#  > > >  >  > Форум >  > > >  >  > Лингвистический форум >  > > >  >  > Лингвистический форум >  > > >  >  > Английский >  > > >  >  >  Помогите, пожалуйста, перевести

## Svarog

Немного откорректировал вопросы, т.к. текст довольно секретный, но очень нужна помощь переводчиков  :Smilie: 
Текст был переведен с тибетского на английский.
Как лучше перевести на русский: 
Lord of Chakra;
five primordial wisdoms;
wish-fulfilling jewel;
wishing-gem;
all-sufficient King;
и, если можно, более подробно о содержании данных понятий.

Также помогите разобраться как лучше перевести:
non-duality of these three; 
non-duality of one`s mind and the other`s.

Заранее большое спасибо!

----------


## До

Привнесение авторской струйки переводчиком самое ценное, не оставляйте нам самый смак. Ну чтож:

_Господин чакры_ - наверное, _чакравартин_?
_пять примордиальных виздомов,
драгоценность исполняющая желание,
всемогущий кинг.

Недуальность этих трёх,
Недуальность своего и чужого ума._

Если текст секретный, то какая разница, что там написано - главное вибрации.

----------

Svarog (18.10.2010)

----------


## Нико

> Как лучше перевести на русский: 
> Lord of Chakra;


Может быть, чакравартин, а может быть и Чакрасамвара. Надо по контексту смотреть.

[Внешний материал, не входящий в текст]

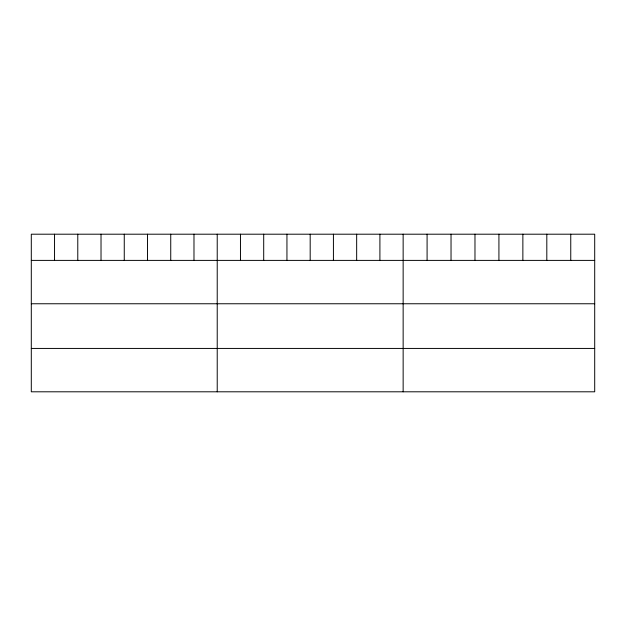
<?xml version="1.0" encoding="UTF-8"?>
<svg xmlns="http://www.w3.org/2000/svg" width="626" height="626" viewBox="0 0 626 626"><rect width="100%" height="100%" fill="white"/><g stroke="black" fill="none" stroke-linecap="round" stroke-linejoin="round"><path stroke-width="0.94" d="M594.7 260.393L594.7 391.798L31.3 391.798L31.3 234.202L594.7 234.202L594.7 260.393L31.3 260.393M31.3 303.759L594.7 303.759M31.3 348.432L594.7 348.432M570.755 234.202L570.755 260.393M546.811 234.202L546.811 260.393M522.866 234.202L522.866 260.393M498.922 234.202L498.922 260.393M474.977 234.202L474.977 260.393M451.033 234.202L451.033 260.393M427.088 234.202L427.088 260.393M403.144 234.202L403.144 391.798M379.904 234.202L379.904 260.393M356.663 234.202L356.663 260.393M333.423 234.202L333.423 260.393M310.183 234.202L310.183 260.393M286.943 234.202L286.943 260.393M263.702 234.202L263.702 260.393M240.462 234.202L240.462 260.393M217.222 234.202L217.222 391.798M193.982 234.202L193.982 260.393M170.741 234.202L170.741 260.393M147.501 234.202L147.501 260.393M124.261 234.202L124.261 260.393M101.021 234.202L101.021 260.393M77.781 234.202L77.781 260.393M54.54 234.202L54.54 260.393"/></g></svg>

> five primordial wisdoms;



Пять видов изначальной мудрости. Имеются в вижу очищенные аспекты пяти скандх. Тождественны Пяти Дхьяни-Буддам.




> wish-fulfilling jewel;
> wishing-gem;


Драгоценность исполнения всех желаний. Метафора в буддизме, т.к. енту драгоценность никто не видел, но о ней постоянно упоминается в буддийских молитвах, чаще всего, в сравнении: например, "живые существа дороже драгоценности, исполняющей желания".  






> all-sufficient King;



Всемогущий царь/правитель. Это уже больше похоже на чакравартина.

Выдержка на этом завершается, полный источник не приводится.